Another alternative is to use change data capture not for an outbox table, but for the actual data tables of the service itself, such as the “Appointment” table in the Oh-my-Dawg example. Exposing these change event streams across service—and team—boundaries can be problematic, as it exposes a service's internal data model and its structure to external consumers. In particular when it comes to changes to the data schema, this can cause friction and disruption. Stream processing, for instance via Apache Flink or Kafka Streams, can be a way out, establishing consciously crafted data contracts between the providing service and event consumers. With tools like Flink SQL, you can apply data transformations for shaping the published events, limit which events get published, create denormalized events by joining multiple change event streams, and much more. Flink CDC can be used to run Debezium natively within Flink, essentially letting a Flink job take the role of the outbox relay.

Fig. 3: Joining “raw” change event streams (produced by Debezium and Flink CDC) via Flink SQL

The big advantage of this over the outbox pattern is that no code changes to the source application itself are required. Also there is no impact on the source database, as it only contains the actual data tables and nothing more. The shaping of published events sent to other services happens completely asynchronously. The downside is that you need to add a stream processing solution to the overall architecture (though managed services can help navigate this complexity), and stream processing has a learning curve on its own. Establishing transactional semantics—i.e. emitting a derived public event only once all relevant events from a source transaction have been processed—can be a challenging task, too. With the outbox pattern, which emits messages in the context of transactions in the source database, this comes for free.

2PC

Some folks argue that the outbox pattern essentially is a work-around for the lack of 2PC (two-phase commit) support in Kafka. A spicy take, I like it! And indeed, there’s something to this. If you are using messaging infrastructure like a good ol’ JMS broker which supports enlisting in global transactions alongside databases, you’ll get the all-or-nothing semantics for writing to a service’s database and sending a message to other services which we’re after. 

So it should be good news then that something similar will be possible with Kafka soon, as the Kafka community currently is working on KIP-939 (“Support Participation in 2PC”). But in my opinion, this KIP won’t render the outbox pattern obsolete; the reason being the implications on service availability. With the outbox pattern, a service only needs a single resource to be available in order to process an incoming request—its own database. Whereas with 2PC, it needs two resources, the database and the Kafka cluster, which means that the service’s overall availability actually is lower.

Also, there usually isn’t a good reason in the first place to make the process of emitting a notification to external services part of the synchronous call flow.
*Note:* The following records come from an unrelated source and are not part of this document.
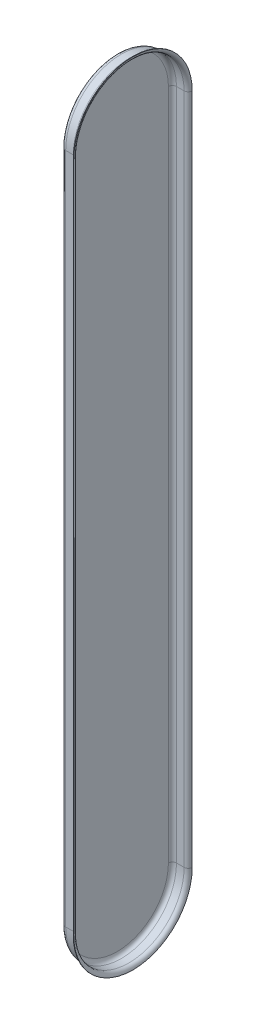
ISO-10303-21;
HEADER;
FILE_DESCRIPTION(('STEP AP214'),'2;1');
FILE_NAME('part.step','',(''),(''),'','','');
FILE_SCHEMA(('AUTOMOTIVE_DESIGN { 1 0 10303 214 1 1 1 1 }'));
ENDSEC;
DATA;
#1=APPLICATION_CONTEXT('core data for automotive mechanical design processes');
#2=APPLICATION_PROTOCOL_DEFINITION('international standard','automotive_design',2000,#1);
#3=PRODUCT_CONTEXT('',#1,'mechanical');
#4=PRODUCT('Part','Part','',(#3));
#5=PRODUCT_RELATED_PRODUCT_CATEGORY('part','',(#4));
#6=PRODUCT_DEFINITION_FORMATION('','',#4);
#7=PRODUCT_DEFINITION_CONTEXT('part definition',#1,'design');
#8=PRODUCT_DEFINITION('design','',#6,#7);
#9=PRODUCT_DEFINITION_SHAPE('','',#8);
#10=(LENGTH_UNIT() NAMED_UNIT(*) SI_UNIT(.MILLI.,.METRE.));
#11=(NAMED_UNIT(*) PLANE_ANGLE_UNIT() SI_UNIT($,.RADIAN.));
#12=(NAMED_UNIT(*) SI_UNIT($,.STERADIAN.) SOLID_ANGLE_UNIT());
#13=UNCERTAINTY_MEASURE_WITH_UNIT(LENGTH_MEASURE(1.E-05),#10,'distance_accuracy_value','');
#14=(GEOMETRIC_REPRESENTATION_CONTEXT(3) GLOBAL_UNCERTAINTY_ASSIGNED_CONTEXT((#13)) GLOBAL_UNIT_ASSIGNED_CONTEXT((#10,
#11,#12)) REPRESENTATION_CONTEXT('',''));
#15=CARTESIAN_POINT('',(0.,0.,0.));
#16=DIRECTION('',(0.,0.,1.));
#17=DIRECTION('',(1.,0.,0.));
#18=AXIS2_PLACEMENT_3D('',#15,#16,#17);
#19=CARTESIAN_POINT('',(-39.35,19.28,3.99999999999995));
#20=DIRECTION('',(-1.,0.,0.));
#21=DIRECTION('',(0.,-1.,0.));
#22=AXIS2_PLACEMENT_3D('',#19,#20,#21);
#23=PLANE('',#22);
#24=DIRECTION('',(0.,-1.,0.));
#25=VECTOR('',#24,1.);
#26=CARTESIAN_POINT('',(-39.35,19.28,5.13999999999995));
#27=LINE('',#26,#25);
#28=CARTESIAN_POINT('',(-39.35,34.27,5.13999999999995));
#29=VERTEX_POINT('',#28);
#30=CARTESIAN_POINT('',(-39.35,19.28,5.13999999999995));
#31=VERTEX_POINT('',#30);
#32=EDGE_CURVE('E133',#29,#31,#27,.T.);
#33=ORIENTED_EDGE('',*,*,#32,.T.);
#34=CARTESIAN_POINT('',(-39.35,19.28,3.99999999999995));
#35=DIRECTION('',(-1.,0.,0.));
#36=DIRECTION('',(0.,0.,-1.));
#37=AXIS2_PLACEMENT_3D('',#34,#35,#36);
#38=CIRCLE('',#37,1.14);
#39=CARTESIAN_POINT('',(-39.35,19.28,2.85999999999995));
#40=VERTEX_POINT('',#39);
#41=EDGE_CURVE('E162',#31,#40,#38,.F.);
#42=ORIENTED_EDGE('',*,*,#41,.T.);
#43=DIRECTION('',(0.,1.,0.));
#44=VECTOR('',#43,1.);
#45=CARTESIAN_POINT('',(-39.35,19.28,2.85999999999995));
#46=LINE('',#45,#44);
#47=CARTESIAN_POINT('',(-39.35,34.27,2.85999999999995));
#48=VERTEX_POINT('',#47);
#49=EDGE_CURVE('E136',#40,#48,#46,.T.);
#50=ORIENTED_EDGE('',*,*,#49,.T.);
#51=CARTESIAN_POINT('',(-39.35,34.27,3.99999999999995));
#52=DIRECTION('',(-1.,0.,0.));
#53=DIRECTION('',(0.,0.,1.));
#54=AXIS2_PLACEMENT_3D('',#51,#52,#53);
#55=CIRCLE('',#54,1.14);
#56=EDGE_CURVE('E129',#48,#29,#55,.F.);
#57=ORIENTED_EDGE('',*,*,#56,.T.);
#58=EDGE_LOOP('',(#33,#42,#50,#57));
#59=FACE_BOUND('',#58,.T.);
#60=ADVANCED_FACE('F17',(#59),#23,.F.);
#61=CARTESIAN_POINT('',(-39.26,34.27,3.99999999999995));
#62=DIRECTION('',(-1.,0.,0.));
#63=DIRECTION('',(0.,1.,0.));
#64=AXIS2_PLACEMENT_3D('',#61,#62,#63);
#65=TOROIDAL_SURFACE('',#64,1.14,0.09);
#66=ORIENTED_EDGE('',*,*,#56,.F.);
#67=CARTESIAN_POINT('',(-39.26,34.27,2.85999999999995));
#68=DIRECTION('',(0.,1.,0.));
#69=DIRECTION('',(-1.,0.,0.));
#70=AXIS2_PLACEMENT_3D('',#67,#68,#69);
#71=CIRCLE('',#70,0.0899999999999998);
#72=CARTESIAN_POINT('',(-39.26,34.27,2.76999999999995));
#73=VERTEX_POINT('',#72);
#74=EDGE_CURVE('E173',#48,#73,#71,.F.);
#75=ORIENTED_EDGE('',*,*,#74,.T.);
#76=CARTESIAN_POINT('',(-39.26,34.27,3.99999999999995));
#77=DIRECTION('',(1.,0.,0.));
#78=DIRECTION('',(0.,1.,0.));
#79=AXIS2_PLACEMENT_3D('',#76,#77,#78);
#80=CIRCLE('',#79,1.23);
#81=CARTESIAN_POINT('',(-39.26,34.27,5.22999999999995));
#82=VERTEX_POINT('',#81);
#83=EDGE_CURVE('E145',#73,#82,#80,.T.);
#84=ORIENTED_EDGE('',*,*,#83,.T.);
#85=CARTESIAN_POINT('',(-39.26,34.27,5.13999999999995));
#86=DIRECTION('',(0.,-1.,0.));
#87=DIRECTION('',(1.,0.,0.));
#88=AXIS2_PLACEMENT_3D('',#85,#86,#87);
#89=CIRCLE('',#88,0.0899999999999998);
#90=EDGE_CURVE('E142',#82,#29,#89,.T.);
#91=ORIENTED_EDGE('',*,*,#90,.T.);
#92=EDGE_LOOP('',(#66,#75,#84,#91));
#93=FACE_BOUND('',#92,.T.);
#94=ADVANCED_FACE('F143',(#93),#65,.F.);
#95=CARTESIAN_POINT('',(-39.26,19.28,2.85999999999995));
#96=DIRECTION('',(0.,1.,0.));
#97=DIRECTION('',(-1.,0.,0.));
#98=AXIS2_PLACEMENT_3D('',#95,#96,#97);
#99=CYLINDRICAL_SURFACE('',#98,0.0899999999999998);
#100=ORIENTED_EDGE('',*,*,#49,.F.);
#101=CARTESIAN_POINT('',(-39.26,19.28,2.85999999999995));
#102=DIRECTION('',(0.,-1.,0.));
#103=DIRECTION('',(0.,0.,-1.));
#104=AXIS2_PLACEMENT_3D('',#101,#102,#103);
#105=CIRCLE('',#104,0.09);
#106=CARTESIAN_POINT('',(-39.26,19.28,2.76999999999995));
#107=VERTEX_POINT('',#106);
#108=EDGE_CURVE('E149',#40,#107,#105,.T.);
#109=ORIENTED_EDGE('',*,*,#108,.T.);
#110=DIRECTION('',(0.,1.,0.));
#111=VECTOR('',#110,1.);
#112=CARTESIAN_POINT('',(-39.26,19.28,2.76999999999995));
#113=LINE('',#112,#111);
#114=EDGE_CURVE('E200',#73,#107,#113,.F.);
#115=ORIENTED_EDGE('',*,*,#114,.F.);
#116=ORIENTED_EDGE('',*,*,#74,.F.);
#117=EDGE_LOOP('',(#100,#109,#115,#116));
#118=FACE_BOUND('',#117,.T.);
#119=ADVANCED_FACE('F175',(#118),#99,.F.);
#120=CARTESIAN_POINT('',(-39.26,19.28,3.99999999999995));
#121=DIRECTION('',(-1.,0.,0.));
#122=DIRECTION('',(0.,-1.,0.));
#123=AXIS2_PLACEMENT_3D('',#120,#121,#122);
#124=TOROIDAL_SURFACE('',#123,1.14,0.09);
#125=ORIENTED_EDGE('',*,*,#108,.F.);
#126=ORIENTED_EDGE('',*,*,#41,.F.);
#127=CARTESIAN_POINT('',(-39.26,19.28,5.13999999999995));
#128=DIRECTION('',(0.,-1.,0.));
#129=DIRECTION('',(1.,0.,0.));
#130=AXIS2_PLACEMENT_3D('',#127,#128,#129);
#131=CIRCLE('',#130,0.0899999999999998);
#132=CARTESIAN_POINT('',(-39.26,19.28,5.22999999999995));
#133=VERTEX_POINT('',#132);
#134=EDGE_CURVE('E153',#31,#133,#131,.F.);
#135=ORIENTED_EDGE('',*,*,#134,.T.);
#136=CARTESIAN_POINT('',(-39.26,19.28,3.99999999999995));
#137=DIRECTION('',(1.,0.,0.));
#138=DIRECTION('',(0.,1.,0.));
#139=AXIS2_PLACEMENT_3D('',#136,#137,#138);
#140=CIRCLE('',#139,1.23);
#141=EDGE_CURVE('E181',#133,#107,#140,.T.);
#142=ORIENTED_EDGE('',*,*,#141,.T.);
#143=EDGE_LOOP('',(#125,#126,#135,#142));
#144=FACE_BOUND('',#143,.T.);
#145=ADVANCED_FACE('F179',(#144),#124,.F.);
#146=CARTESIAN_POINT('',(-39.26,19.28,5.13999999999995));
#147=DIRECTION('',(0.,-1.,0.));
#148=DIRECTION('',(1.,0.,0.));
#149=AXIS2_PLACEMENT_3D('',#146,#147,#148);
#150=CYLINDRICAL_SURFACE('',#149,0.0899999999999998);
#151=ORIENTED_EDGE('',*,*,#32,.F.);
#152=ORIENTED_EDGE('',*,*,#90,.F.);
#153=DIRECTION('',(0.,1.,0.));
#154=VECTOR('',#153,1.);
#155=CARTESIAN_POINT('',(-39.26,19.28,5.22999999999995));
#156=LINE('',#155,#154);
#157=EDGE_CURVE('E218',#133,#82,#156,.T.);
#158=ORIENTED_EDGE('',*,*,#157,.F.);
#159=ORIENTED_EDGE('',*,*,#134,.F.);
#160=EDGE_LOOP('',(#151,#152,#158,#159));
#161=FACE_BOUND('',#160,.T.);
#162=ADVANCED_FACE('F152',(#161),#150,.F.);
#163=CARTESIAN_POINT('',(-39.35,34.27,3.99999999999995));
#164=DIRECTION('',(1.,0.,0.));
#165=DIRECTION('',(0.,1.,0.));
#166=AXIS2_PLACEMENT_3D('',#163,#164,#165);
#167=CYLINDRICAL_SURFACE('',#166,1.23);
#168=DIRECTION('',(1.,0.,0.));
#169=VECTOR('',#168,1.);
#170=CARTESIAN_POINT('',(-39.35,34.27,2.76999999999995));
#171=LINE('',#170,#169);
#172=CARTESIAN_POINT('',(-39.09,34.27,2.76999999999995));
#173=VERTEX_POINT('',#172);
#174=EDGE_CURVE('E194',#173,#73,#171,.F.);
#175=ORIENTED_EDGE('',*,*,#174,.F.);
#176=CARTESIAN_POINT('',(-39.09,34.27,3.99999999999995));
#177=DIRECTION('',(-1.,0.,0.));
#178=DIRECTION('',(0.,1.,0.));
#179=AXIS2_PLACEMENT_3D('',#176,#177,#178);
#180=CIRCLE('',#179,1.23);
#181=CARTESIAN_POINT('',(-39.09,34.27,5.22999999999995));
#182=VERTEX_POINT('',#181);
#183=EDGE_CURVE('E250',#182,#173,#180,.T.);
#184=ORIENTED_EDGE('',*,*,#183,.F.);
#185=DIRECTION('',(-1.,0.,0.));
#186=VECTOR('',#185,1.);
#187=CARTESIAN_POINT('',(-39.35,34.27,5.22999999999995));
#188=LINE('',#187,#186);
#189=EDGE_CURVE('E197',#82,#182,#188,.F.);
#190=ORIENTED_EDGE('',*,*,#189,.F.);
#191=ORIENTED_EDGE('',*,*,#83,.F.);
#192=EDGE_LOOP('',(#175,#184,#190,#191));
#193=FACE_BOUND('',#192,.T.);
#194=ADVANCED_FACE('F192',(#193),#167,.F.);
#195=CARTESIAN_POINT('',(-39.35,19.28,2.76999999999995));
#196=DIRECTION('',(0.,0.,1.));
#197=DIRECTION('',(1.,0.,0.));
#198=AXIS2_PLACEMENT_3D('',#195,#196,#197);
#199=PLANE('',#198);
#200=DIRECTION('',(1.,0.,0.));
#201=VECTOR('',#200,1.);
#202=CARTESIAN_POINT('',(-39.35,19.28,2.76999999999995));
#203=LINE('',#202,#201);
#204=CARTESIAN_POINT('',(-39.09,19.28,2.76999999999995));
#205=VERTEX_POINT('',#204);
#206=EDGE_CURVE('E228',#107,#205,#203,.T.);
#207=ORIENTED_EDGE('',*,*,#206,.T.);
#208=DIRECTION('',(0.,-1.,0.));
#209=VECTOR('',#208,1.);
#210=CARTESIAN_POINT('',(-39.09,19.28,2.76999999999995));
#211=LINE('',#210,#209);
#212=EDGE_CURVE('E207',#173,#205,#211,.T.);
#213=ORIENTED_EDGE('',*,*,#212,.F.);
#214=ORIENTED_EDGE('',*,*,#174,.T.);
#215=ORIENTED_EDGE('',*,*,#114,.T.);
#216=EDGE_LOOP('',(#207,#213,#214,#215));
#217=FACE_BOUND('',#216,.T.);
#218=ADVANCED_FACE('F205',(#217),#199,.T.);
#219=CARTESIAN_POINT('',(-39.35,19.28,3.99999999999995));
#220=DIRECTION('',(1.,0.,0.));
#221=DIRECTION('',(0.,1.,0.));
#222=AXIS2_PLACEMENT_3D('',#219,#220,#221);
#223=CYLINDRICAL_SURFACE('',#222,1.23);
#224=CARTESIAN_POINT('',(-39.09,19.28,3.99999999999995));
#225=DIRECTION('',(-1.,0.,0.));
#226=DIRECTION('',(0.,-1.,0.));
#227=AXIS2_PLACEMENT_3D('',#224,#225,#226);
#228=CIRCLE('',#227,1.23);
#229=CARTESIAN_POINT('',(-39.09,19.28,5.22999999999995));
#230=VERTEX_POINT('',#229);
#231=EDGE_CURVE('E238',#205,#230,#228,.T.);
#232=ORIENTED_EDGE('',*,*,#231,.F.);
#233=ORIENTED_EDGE('',*,*,#206,.F.);
#234=ORIENTED_EDGE('',*,*,#141,.F.);
#235=DIRECTION('',(-1.,0.,0.));
#236=VECTOR('',#235,1.);
#237=CARTESIAN_POINT('',(-39.35,19.28,5.22999999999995));
#238=LINE('',#237,#236);
#239=EDGE_CURVE('E220',#230,#133,#238,.T.);
#240=ORIENTED_EDGE('',*,*,#239,.F.);
#241=EDGE_LOOP('',(#232,#233,#234,#240));
#242=FACE_BOUND('',#241,.T.);
#243=ADVANCED_FACE('F276',(#242),#223,.F.);
#244=CARTESIAN_POINT('',(-39.35,19.28,5.22999999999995));
#245=DIRECTION('',(0.,0.,-1.));
#246=DIRECTION('',(-1.,0.,0.));
#247=AXIS2_PLACEMENT_3D('',#244,#245,#246);
#248=PLANE('',#247);
#249=ORIENTED_EDGE('',*,*,#189,.T.);
#250=DIRECTION('',(0.,1.,0.));
#251=VECTOR('',#250,1.);
#252=CARTESIAN_POINT('',(-39.09,19.28,5.22999999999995));
#253=LINE('',#252,#251);
#254=EDGE_CURVE('E253',#230,#182,#253,.T.);
#255=ORIENTED_EDGE('',*,*,#254,.F.);
#256=ORIENTED_EDGE('',*,*,#239,.T.);
#257=ORIENTED_EDGE('',*,*,#157,.T.);
#258=EDGE_LOOP('',(#249,#255,#256,#257));
#259=FACE_BOUND('',#258,.T.);
#260=ADVANCED_FACE('F271',(#259),#248,.T.);
#261=CARTESIAN_POINT('',(-39.09,34.27,3.99999999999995));
#262=DIRECTION('',(-1.,0.,0.));
#263=DIRECTION('',(0.,1.,0.));
#264=AXIS2_PLACEMENT_3D('',#261,#262,#263);
#265=TOROIDAL_SURFACE('',#264,1.32,0.09);
#266=CARTESIAN_POINT('',(-39.09,34.27,2.67999999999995));
#267=DIRECTION('',(0.,-1.,0.));
#268=DIRECTION('',(1.,0.,0.));
#269=AXIS2_PLACEMENT_3D('',#266,#267,#268);
#270=CIRCLE('',#269,0.0899999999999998);
#271=CARTESIAN_POINT('',(-39.,34.27,2.67999999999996));
#272=VERTEX_POINT('',#271);
#273=EDGE_CURVE('E239',#272,#173,#270,.T.);
#274=ORIENTED_EDGE('',*,*,#273,.F.);
#275=CARTESIAN_POINT('',(-39.,34.27,3.99999999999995));
#276=DIRECTION('',(-1.,0.,0.));
#277=DIRECTION('',(0.,-1.,0.));
#278=AXIS2_PLACEMENT_3D('',#275,#276,#277);
#279=CIRCLE('',#278,1.32);
#280=CARTESIAN_POINT('',(-39.,34.27,5.31999999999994));
#281=VERTEX_POINT('',#280);
#282=EDGE_CURVE('E533',#281,#272,#279,.T.);
#283=ORIENTED_EDGE('',*,*,#282,.F.);
#284=CARTESIAN_POINT('',(-39.09,34.27,5.31999999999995));
#285=DIRECTION('',(0.,1.,0.));
#286=DIRECTION('',(-1.,0.,0.));
#287=AXIS2_PLACEMENT_3D('',#284,#285,#286);
#288=CIRCLE('',#287,0.0899999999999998);
#289=EDGE_CURVE('E256',#182,#281,#288,.F.);
#290=ORIENTED_EDGE('',*,*,#289,.F.);
#291=ORIENTED_EDGE('',*,*,#183,.T.);
#292=EDGE_LOOP('',(#274,#283,#290,#291));
#293=FACE_BOUND('',#292,.T.);
#294=ADVANCED_FACE('F266',(#293),#265,.T.);
#295=CARTESIAN_POINT('',(-39.09,19.28,2.67999999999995));
#296=DIRECTION('',(0.,-1.,0.));
#297=DIRECTION('',(1.,0.,0.));
#298=AXIS2_PLACEMENT_3D('',#295,#296,#297);
#299=CYLINDRICAL_SURFACE('',#298,0.0899999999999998);
#300=CARTESIAN_POINT('',(-39.09,19.28,2.67999999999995));
#301=DIRECTION('',(0.,-1.,0.));
#302=DIRECTION('',(0.,0.,-1.));
#303=AXIS2_PLACEMENT_3D('',#300,#301,#302);
#304=CIRCLE('',#303,0.09);
#305=CARTESIAN_POINT('',(-39.,19.28,2.67999999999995));
#306=VERTEX_POINT('',#305);
#307=EDGE_CURVE('E244',#306,#205,#304,.T.);
#308=ORIENTED_EDGE('',*,*,#307,.F.);
#309=DIRECTION('',(0.,1.,0.));
#310=VECTOR('',#309,1.);
#311=CARTESIAN_POINT('',(-39.,26.775,2.67999999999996));
#312=LINE('',#311,#310);
#313=EDGE_CURVE('E532',#306,#272,#312,.T.);
#314=ORIENTED_EDGE('',*,*,#313,.T.);
#315=ORIENTED_EDGE('',*,*,#273,.T.);
#316=ORIENTED_EDGE('',*,*,#212,.T.);
#317=EDGE_LOOP('',(#308,#314,#315,#316));
#318=FACE_BOUND('',#317,.T.);
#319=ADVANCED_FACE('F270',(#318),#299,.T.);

This activity isn’t relevant for the client making the inbound request and you’re just unnecessarily extending request processing time. Another way to see this is as eating into your “synchrony budget” (a notion I am planning to discuss in more detail in a future blog post) without any benefit. Another, minor, advantage of the outbox pattern is that developers of the writing service only need to know one API (for interacting with the database) rather than two APIs, for database access and for message platform access, respectively.

Durable Execution

Using the outbox pattern and a bit of glue code, it is possible to orchestrate Sagas, long-running business transactions, across distributed services. Durable execution frameworks such as Temporal, Restate, or DBOS Transact aim to take things one step further with a higher-level programming experience. In a nutshell, they provide a form of persistent continuations, transparently retrying failed operations, keeping track of the execution state of a service, and automatically restoring it in case of failures.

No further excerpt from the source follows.